-- Source records --
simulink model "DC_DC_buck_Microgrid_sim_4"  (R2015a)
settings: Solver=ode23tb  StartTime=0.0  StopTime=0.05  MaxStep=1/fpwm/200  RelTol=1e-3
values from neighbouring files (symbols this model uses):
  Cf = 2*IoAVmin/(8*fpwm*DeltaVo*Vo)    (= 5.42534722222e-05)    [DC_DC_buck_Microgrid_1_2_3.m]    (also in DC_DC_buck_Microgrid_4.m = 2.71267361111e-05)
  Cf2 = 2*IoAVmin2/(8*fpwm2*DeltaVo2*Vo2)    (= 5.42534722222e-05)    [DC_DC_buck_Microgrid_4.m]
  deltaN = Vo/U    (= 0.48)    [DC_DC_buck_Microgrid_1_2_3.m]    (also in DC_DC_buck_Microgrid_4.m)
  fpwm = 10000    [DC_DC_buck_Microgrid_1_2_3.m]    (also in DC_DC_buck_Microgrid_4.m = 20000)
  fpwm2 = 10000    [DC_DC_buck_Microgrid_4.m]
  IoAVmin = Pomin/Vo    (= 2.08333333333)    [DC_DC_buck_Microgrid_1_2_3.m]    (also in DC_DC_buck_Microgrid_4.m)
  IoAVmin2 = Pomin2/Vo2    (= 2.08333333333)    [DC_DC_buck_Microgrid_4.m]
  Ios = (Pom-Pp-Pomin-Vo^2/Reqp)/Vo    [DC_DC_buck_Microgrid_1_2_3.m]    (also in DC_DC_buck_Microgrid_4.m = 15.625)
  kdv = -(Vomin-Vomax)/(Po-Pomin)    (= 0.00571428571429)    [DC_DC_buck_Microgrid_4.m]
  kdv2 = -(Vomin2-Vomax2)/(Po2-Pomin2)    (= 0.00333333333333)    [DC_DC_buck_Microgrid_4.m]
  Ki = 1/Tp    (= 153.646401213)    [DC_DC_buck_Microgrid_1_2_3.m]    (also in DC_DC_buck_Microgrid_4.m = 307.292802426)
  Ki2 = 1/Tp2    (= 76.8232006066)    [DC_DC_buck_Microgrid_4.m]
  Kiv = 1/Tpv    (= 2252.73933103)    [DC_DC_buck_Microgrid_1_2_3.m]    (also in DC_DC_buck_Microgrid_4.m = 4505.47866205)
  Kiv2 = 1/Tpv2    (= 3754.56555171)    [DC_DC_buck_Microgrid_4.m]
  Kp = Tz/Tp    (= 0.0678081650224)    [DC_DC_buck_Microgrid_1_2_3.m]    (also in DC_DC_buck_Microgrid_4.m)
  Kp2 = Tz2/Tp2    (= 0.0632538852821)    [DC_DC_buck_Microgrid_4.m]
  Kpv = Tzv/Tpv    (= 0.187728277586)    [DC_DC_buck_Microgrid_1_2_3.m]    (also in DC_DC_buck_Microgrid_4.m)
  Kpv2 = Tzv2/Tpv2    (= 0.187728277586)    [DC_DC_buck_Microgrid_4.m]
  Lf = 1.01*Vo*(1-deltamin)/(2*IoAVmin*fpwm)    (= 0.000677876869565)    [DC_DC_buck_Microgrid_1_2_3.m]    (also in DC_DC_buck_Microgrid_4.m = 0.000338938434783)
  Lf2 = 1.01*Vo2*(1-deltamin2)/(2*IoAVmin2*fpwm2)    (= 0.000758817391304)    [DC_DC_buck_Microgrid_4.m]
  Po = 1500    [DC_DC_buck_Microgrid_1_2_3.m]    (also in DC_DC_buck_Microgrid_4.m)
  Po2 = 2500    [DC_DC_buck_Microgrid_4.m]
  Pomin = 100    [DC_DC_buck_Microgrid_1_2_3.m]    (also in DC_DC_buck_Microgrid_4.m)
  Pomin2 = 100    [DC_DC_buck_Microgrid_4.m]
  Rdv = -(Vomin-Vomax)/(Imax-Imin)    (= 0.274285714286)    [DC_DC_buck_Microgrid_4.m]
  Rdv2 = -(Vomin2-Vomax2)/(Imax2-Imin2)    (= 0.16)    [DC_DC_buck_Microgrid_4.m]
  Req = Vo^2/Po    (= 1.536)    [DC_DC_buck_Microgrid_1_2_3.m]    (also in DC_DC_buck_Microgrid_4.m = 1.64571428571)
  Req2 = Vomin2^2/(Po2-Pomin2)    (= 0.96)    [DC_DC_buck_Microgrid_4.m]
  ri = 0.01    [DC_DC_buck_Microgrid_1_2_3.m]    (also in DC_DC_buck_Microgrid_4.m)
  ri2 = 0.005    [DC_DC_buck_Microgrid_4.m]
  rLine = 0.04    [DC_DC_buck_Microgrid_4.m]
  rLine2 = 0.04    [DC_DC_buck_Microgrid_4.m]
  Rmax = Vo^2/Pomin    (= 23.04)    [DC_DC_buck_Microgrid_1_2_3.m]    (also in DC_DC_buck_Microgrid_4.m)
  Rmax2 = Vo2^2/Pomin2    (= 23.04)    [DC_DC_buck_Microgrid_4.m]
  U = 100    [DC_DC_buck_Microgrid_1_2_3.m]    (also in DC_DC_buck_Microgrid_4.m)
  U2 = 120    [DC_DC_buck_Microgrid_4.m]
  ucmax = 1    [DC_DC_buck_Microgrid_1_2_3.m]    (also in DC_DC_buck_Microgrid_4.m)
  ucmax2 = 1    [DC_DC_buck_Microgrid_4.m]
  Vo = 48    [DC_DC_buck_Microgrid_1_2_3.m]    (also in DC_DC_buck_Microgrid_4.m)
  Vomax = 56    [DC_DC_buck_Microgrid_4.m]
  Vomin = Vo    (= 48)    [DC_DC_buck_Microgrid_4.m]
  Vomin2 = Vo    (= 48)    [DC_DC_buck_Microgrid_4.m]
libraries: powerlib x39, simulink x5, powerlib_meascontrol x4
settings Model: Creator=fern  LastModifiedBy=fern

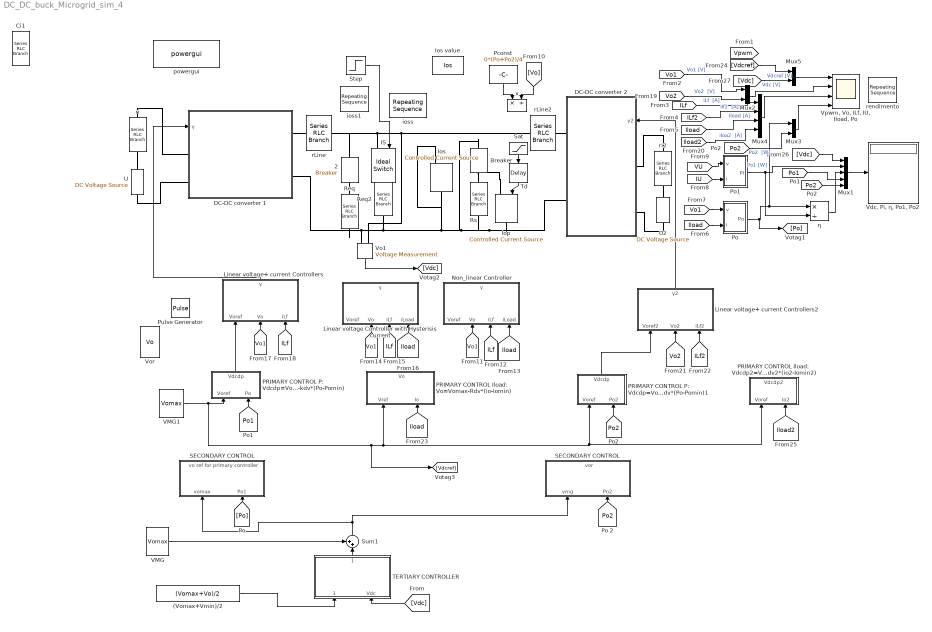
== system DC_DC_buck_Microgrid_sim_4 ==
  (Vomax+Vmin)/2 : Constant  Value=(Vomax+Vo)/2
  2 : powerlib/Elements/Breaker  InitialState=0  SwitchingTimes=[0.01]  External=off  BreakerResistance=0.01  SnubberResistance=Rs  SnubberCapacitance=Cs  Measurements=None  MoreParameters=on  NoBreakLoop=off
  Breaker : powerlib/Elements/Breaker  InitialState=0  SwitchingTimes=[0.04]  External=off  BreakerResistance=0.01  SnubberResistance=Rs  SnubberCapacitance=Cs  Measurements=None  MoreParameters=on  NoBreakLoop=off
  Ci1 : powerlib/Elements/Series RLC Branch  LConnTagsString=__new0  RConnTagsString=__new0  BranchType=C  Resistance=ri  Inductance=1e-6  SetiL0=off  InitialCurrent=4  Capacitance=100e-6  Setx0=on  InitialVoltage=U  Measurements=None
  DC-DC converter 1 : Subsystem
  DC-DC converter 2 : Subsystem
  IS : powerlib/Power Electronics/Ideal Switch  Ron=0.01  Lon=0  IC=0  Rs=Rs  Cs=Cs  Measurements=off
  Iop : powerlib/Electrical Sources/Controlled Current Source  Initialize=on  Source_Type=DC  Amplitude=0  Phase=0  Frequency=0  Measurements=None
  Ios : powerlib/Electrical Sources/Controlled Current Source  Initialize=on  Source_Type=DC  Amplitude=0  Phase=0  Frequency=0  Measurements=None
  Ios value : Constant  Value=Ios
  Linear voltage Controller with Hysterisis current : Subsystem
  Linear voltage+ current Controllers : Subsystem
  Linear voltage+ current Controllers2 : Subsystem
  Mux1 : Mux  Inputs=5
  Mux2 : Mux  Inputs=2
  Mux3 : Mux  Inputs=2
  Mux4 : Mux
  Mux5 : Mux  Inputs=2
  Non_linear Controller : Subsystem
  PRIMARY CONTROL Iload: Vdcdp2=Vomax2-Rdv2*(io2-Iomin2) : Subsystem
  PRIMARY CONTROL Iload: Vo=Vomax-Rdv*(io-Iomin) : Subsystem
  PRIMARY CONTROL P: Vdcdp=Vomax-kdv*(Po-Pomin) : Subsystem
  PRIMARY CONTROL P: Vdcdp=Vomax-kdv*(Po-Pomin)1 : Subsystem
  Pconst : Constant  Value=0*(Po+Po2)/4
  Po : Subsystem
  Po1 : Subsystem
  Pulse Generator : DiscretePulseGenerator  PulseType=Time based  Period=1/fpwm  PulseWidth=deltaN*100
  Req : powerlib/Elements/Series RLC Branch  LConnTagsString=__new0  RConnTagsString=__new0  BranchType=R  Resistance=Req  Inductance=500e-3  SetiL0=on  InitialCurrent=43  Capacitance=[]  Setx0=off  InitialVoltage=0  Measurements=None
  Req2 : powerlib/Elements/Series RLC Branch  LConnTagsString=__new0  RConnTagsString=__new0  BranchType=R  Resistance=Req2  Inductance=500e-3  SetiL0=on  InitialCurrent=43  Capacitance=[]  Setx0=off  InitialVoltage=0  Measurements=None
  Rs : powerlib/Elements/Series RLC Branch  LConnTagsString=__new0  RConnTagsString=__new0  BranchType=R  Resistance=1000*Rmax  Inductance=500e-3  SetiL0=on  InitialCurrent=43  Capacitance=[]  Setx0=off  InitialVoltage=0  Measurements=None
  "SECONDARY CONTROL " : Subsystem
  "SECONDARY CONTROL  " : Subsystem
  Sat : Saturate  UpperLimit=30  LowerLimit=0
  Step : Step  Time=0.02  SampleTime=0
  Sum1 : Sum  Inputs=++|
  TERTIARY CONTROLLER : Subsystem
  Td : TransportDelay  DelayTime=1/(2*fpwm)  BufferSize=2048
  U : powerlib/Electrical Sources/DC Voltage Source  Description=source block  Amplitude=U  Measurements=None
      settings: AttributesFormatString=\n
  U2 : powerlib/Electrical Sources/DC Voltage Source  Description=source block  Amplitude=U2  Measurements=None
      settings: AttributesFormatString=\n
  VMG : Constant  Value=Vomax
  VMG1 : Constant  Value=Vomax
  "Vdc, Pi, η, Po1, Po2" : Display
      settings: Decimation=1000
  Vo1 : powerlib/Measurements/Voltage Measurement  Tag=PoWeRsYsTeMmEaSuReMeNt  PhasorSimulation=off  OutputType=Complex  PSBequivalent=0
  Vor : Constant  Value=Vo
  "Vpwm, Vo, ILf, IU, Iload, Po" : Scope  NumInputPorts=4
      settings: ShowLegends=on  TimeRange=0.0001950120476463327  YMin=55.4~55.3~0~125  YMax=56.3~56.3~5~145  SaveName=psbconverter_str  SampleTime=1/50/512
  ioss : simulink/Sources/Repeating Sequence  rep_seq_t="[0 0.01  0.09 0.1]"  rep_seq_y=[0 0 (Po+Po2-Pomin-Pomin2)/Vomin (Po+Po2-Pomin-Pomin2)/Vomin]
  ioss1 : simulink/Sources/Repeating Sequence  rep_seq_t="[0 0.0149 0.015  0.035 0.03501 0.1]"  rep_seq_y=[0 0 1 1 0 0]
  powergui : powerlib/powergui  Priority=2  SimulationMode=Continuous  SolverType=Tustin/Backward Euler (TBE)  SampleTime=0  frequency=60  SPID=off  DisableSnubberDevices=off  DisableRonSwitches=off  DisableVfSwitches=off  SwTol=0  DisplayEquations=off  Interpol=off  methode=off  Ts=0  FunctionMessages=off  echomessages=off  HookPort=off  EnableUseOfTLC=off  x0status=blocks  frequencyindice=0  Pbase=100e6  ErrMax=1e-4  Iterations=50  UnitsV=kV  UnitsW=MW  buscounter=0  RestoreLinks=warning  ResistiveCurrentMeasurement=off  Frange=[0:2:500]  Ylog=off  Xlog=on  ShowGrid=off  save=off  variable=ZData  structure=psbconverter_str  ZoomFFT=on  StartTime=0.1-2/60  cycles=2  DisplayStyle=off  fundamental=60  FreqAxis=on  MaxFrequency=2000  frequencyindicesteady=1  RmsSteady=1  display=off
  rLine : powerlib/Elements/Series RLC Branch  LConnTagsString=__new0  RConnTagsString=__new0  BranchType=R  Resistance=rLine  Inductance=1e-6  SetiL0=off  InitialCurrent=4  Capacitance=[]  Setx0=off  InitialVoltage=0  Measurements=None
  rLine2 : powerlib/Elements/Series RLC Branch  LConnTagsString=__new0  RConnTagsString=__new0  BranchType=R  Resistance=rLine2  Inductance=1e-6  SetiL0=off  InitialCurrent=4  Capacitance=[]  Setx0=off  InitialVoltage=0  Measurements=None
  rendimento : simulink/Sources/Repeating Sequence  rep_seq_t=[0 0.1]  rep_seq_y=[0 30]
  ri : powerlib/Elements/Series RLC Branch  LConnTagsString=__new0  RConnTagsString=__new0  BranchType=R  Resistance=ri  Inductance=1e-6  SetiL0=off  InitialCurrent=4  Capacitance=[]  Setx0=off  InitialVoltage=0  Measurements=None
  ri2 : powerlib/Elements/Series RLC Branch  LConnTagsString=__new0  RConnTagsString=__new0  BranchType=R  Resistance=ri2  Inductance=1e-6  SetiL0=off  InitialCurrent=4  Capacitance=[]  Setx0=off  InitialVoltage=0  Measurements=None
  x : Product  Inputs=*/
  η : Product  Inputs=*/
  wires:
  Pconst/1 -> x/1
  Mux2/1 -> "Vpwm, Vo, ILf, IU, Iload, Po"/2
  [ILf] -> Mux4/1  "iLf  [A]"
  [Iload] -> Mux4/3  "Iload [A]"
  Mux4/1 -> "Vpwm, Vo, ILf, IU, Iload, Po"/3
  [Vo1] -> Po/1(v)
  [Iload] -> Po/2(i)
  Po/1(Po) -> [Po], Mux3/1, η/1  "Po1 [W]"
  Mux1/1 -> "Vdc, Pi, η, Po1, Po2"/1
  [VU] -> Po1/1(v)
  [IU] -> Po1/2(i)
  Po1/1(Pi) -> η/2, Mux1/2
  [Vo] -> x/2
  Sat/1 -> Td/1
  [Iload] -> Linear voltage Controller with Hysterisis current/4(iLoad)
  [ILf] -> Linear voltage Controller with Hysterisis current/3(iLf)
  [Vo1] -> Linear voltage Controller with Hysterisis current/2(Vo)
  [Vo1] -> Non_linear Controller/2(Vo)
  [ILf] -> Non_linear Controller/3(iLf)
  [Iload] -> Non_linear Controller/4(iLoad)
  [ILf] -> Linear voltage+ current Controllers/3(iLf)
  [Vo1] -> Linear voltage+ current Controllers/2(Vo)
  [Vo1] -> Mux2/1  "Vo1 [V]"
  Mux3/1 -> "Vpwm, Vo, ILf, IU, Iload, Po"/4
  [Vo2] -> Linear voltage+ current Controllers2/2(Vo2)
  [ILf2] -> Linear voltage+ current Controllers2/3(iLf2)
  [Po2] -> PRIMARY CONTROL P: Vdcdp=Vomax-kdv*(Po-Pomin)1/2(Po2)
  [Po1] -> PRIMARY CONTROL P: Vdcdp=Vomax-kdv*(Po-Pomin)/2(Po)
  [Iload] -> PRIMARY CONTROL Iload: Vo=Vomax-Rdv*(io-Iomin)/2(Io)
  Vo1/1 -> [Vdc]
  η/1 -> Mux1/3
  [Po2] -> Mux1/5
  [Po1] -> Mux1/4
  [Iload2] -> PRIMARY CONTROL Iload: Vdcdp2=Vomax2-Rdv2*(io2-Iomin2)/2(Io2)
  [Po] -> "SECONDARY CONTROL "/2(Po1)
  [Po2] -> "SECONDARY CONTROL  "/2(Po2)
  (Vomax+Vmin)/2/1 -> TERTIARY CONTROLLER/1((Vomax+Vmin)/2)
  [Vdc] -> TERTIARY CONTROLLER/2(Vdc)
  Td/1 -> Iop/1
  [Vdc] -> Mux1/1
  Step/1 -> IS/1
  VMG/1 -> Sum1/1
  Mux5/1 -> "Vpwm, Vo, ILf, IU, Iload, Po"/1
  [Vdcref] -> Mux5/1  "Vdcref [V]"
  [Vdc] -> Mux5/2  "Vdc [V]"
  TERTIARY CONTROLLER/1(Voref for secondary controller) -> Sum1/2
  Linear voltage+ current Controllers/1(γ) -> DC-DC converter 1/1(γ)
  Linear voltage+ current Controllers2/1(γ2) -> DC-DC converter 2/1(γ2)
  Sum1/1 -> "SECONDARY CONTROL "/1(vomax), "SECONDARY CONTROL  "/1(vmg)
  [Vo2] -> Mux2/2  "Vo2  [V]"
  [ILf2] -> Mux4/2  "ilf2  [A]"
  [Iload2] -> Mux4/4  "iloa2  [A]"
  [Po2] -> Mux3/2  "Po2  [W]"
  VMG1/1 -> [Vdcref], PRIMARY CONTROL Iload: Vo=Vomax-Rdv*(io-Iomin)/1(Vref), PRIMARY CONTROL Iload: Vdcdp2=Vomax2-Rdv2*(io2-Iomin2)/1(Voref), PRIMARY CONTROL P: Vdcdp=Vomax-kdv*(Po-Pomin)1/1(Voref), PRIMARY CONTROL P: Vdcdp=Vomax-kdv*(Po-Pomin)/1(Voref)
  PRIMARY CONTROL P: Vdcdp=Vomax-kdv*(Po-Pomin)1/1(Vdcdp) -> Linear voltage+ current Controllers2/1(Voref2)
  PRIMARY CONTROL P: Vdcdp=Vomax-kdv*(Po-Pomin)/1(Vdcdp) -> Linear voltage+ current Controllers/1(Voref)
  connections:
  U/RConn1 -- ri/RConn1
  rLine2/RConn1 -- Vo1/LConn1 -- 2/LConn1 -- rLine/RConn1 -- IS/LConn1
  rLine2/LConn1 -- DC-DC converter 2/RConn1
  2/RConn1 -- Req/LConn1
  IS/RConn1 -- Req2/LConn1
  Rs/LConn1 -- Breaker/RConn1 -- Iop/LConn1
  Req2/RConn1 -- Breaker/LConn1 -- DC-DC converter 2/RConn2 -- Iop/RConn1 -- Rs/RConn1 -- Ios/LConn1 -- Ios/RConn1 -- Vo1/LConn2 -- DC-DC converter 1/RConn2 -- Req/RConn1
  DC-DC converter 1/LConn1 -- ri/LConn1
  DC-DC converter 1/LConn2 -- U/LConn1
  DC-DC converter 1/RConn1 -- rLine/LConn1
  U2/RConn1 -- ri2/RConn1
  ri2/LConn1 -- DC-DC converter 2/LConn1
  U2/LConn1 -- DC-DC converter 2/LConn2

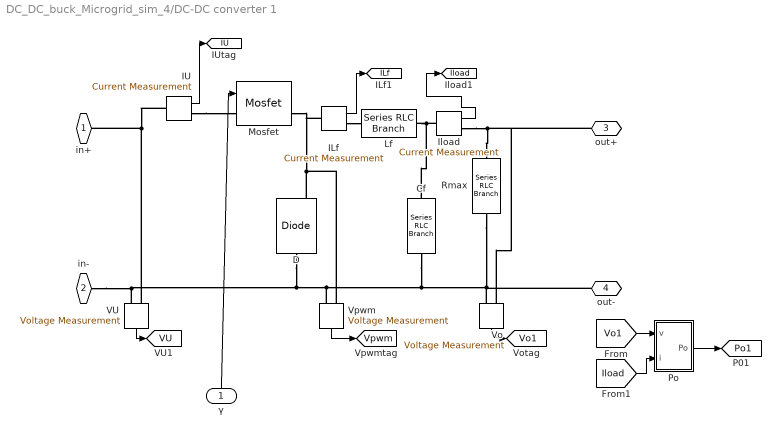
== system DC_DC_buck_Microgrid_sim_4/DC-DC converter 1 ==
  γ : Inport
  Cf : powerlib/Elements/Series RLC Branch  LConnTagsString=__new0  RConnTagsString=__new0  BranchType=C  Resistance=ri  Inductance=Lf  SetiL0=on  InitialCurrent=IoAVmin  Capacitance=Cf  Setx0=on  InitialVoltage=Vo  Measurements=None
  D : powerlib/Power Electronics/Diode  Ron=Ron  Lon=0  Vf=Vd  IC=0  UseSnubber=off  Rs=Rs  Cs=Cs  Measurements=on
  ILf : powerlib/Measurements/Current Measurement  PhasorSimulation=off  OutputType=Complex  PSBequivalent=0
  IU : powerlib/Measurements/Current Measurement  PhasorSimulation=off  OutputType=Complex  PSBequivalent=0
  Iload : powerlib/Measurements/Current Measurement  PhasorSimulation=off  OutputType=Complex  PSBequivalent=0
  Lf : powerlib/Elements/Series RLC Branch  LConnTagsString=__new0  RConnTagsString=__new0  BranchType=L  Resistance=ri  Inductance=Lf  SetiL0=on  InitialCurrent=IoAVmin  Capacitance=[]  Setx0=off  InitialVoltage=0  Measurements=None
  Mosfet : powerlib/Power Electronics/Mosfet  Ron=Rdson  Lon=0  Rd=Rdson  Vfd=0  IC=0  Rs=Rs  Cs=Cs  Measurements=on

-- Exercise goal --
Retype exactly the lines above, from the one with "kdv = -(Vomin-Vomax)/(Po-Pomin)" through the one with "Kpv2 = Tzv2/Tpv2", inclusive.

-- Your response --
  kdv = -(Vomin-Vomax)/(Po-Pomin)    (= 0.00571428571429)    [DC_DC_buck_Microgrid_4.m]
  kdv2 = -(Vomin2-Vomax2)/(Po2-Pomin2)    (= 0.00333333333333)    [DC_DC_buck_Microgrid_4.m]
  Ki = 1/Tp    (= 153.646401213)    [DC_DC_buck_Microgrid_1_2_3.m]    (also in DC_DC_buck_Microgrid_4.m = 307.292802426)
  Ki2 = 1/Tp2    (= 76.8232006066)    [DC_DC_buck_Microgrid_4.m]
  Kiv = 1/Tpv    (= 2252.73933103)    [DC_DC_buck_Microgrid_1_2_3.m]    (also in DC_DC_buck_Microgrid_4.m = 4505.47866205)
  Kiv2 = 1/Tpv2    (= 3754.56555171)    [DC_DC_buck_Microgrid_4.m]
  Kp = Tz/Tp    (= 0.0678081650224)    [DC_DC_buck_Microgrid_1_2_3.m]    (also in DC_DC_buck_Microgrid_4.m)
  Kp2 = Tz2/Tp2    (= 0.0632538852821)    [DC_DC_buck_Microgrid_4.m]
  Kpv = Tzv/Tpv    (= 0.187728277586)    [DC_DC_buck_Microgrid_1_2_3.m]    (also in DC_DC_buck_Microgrid_4.m)
  Kpv2 = Tzv2/Tpv2    (= 0.187728277586)    [DC_DC_buck_Microgrid_4.m]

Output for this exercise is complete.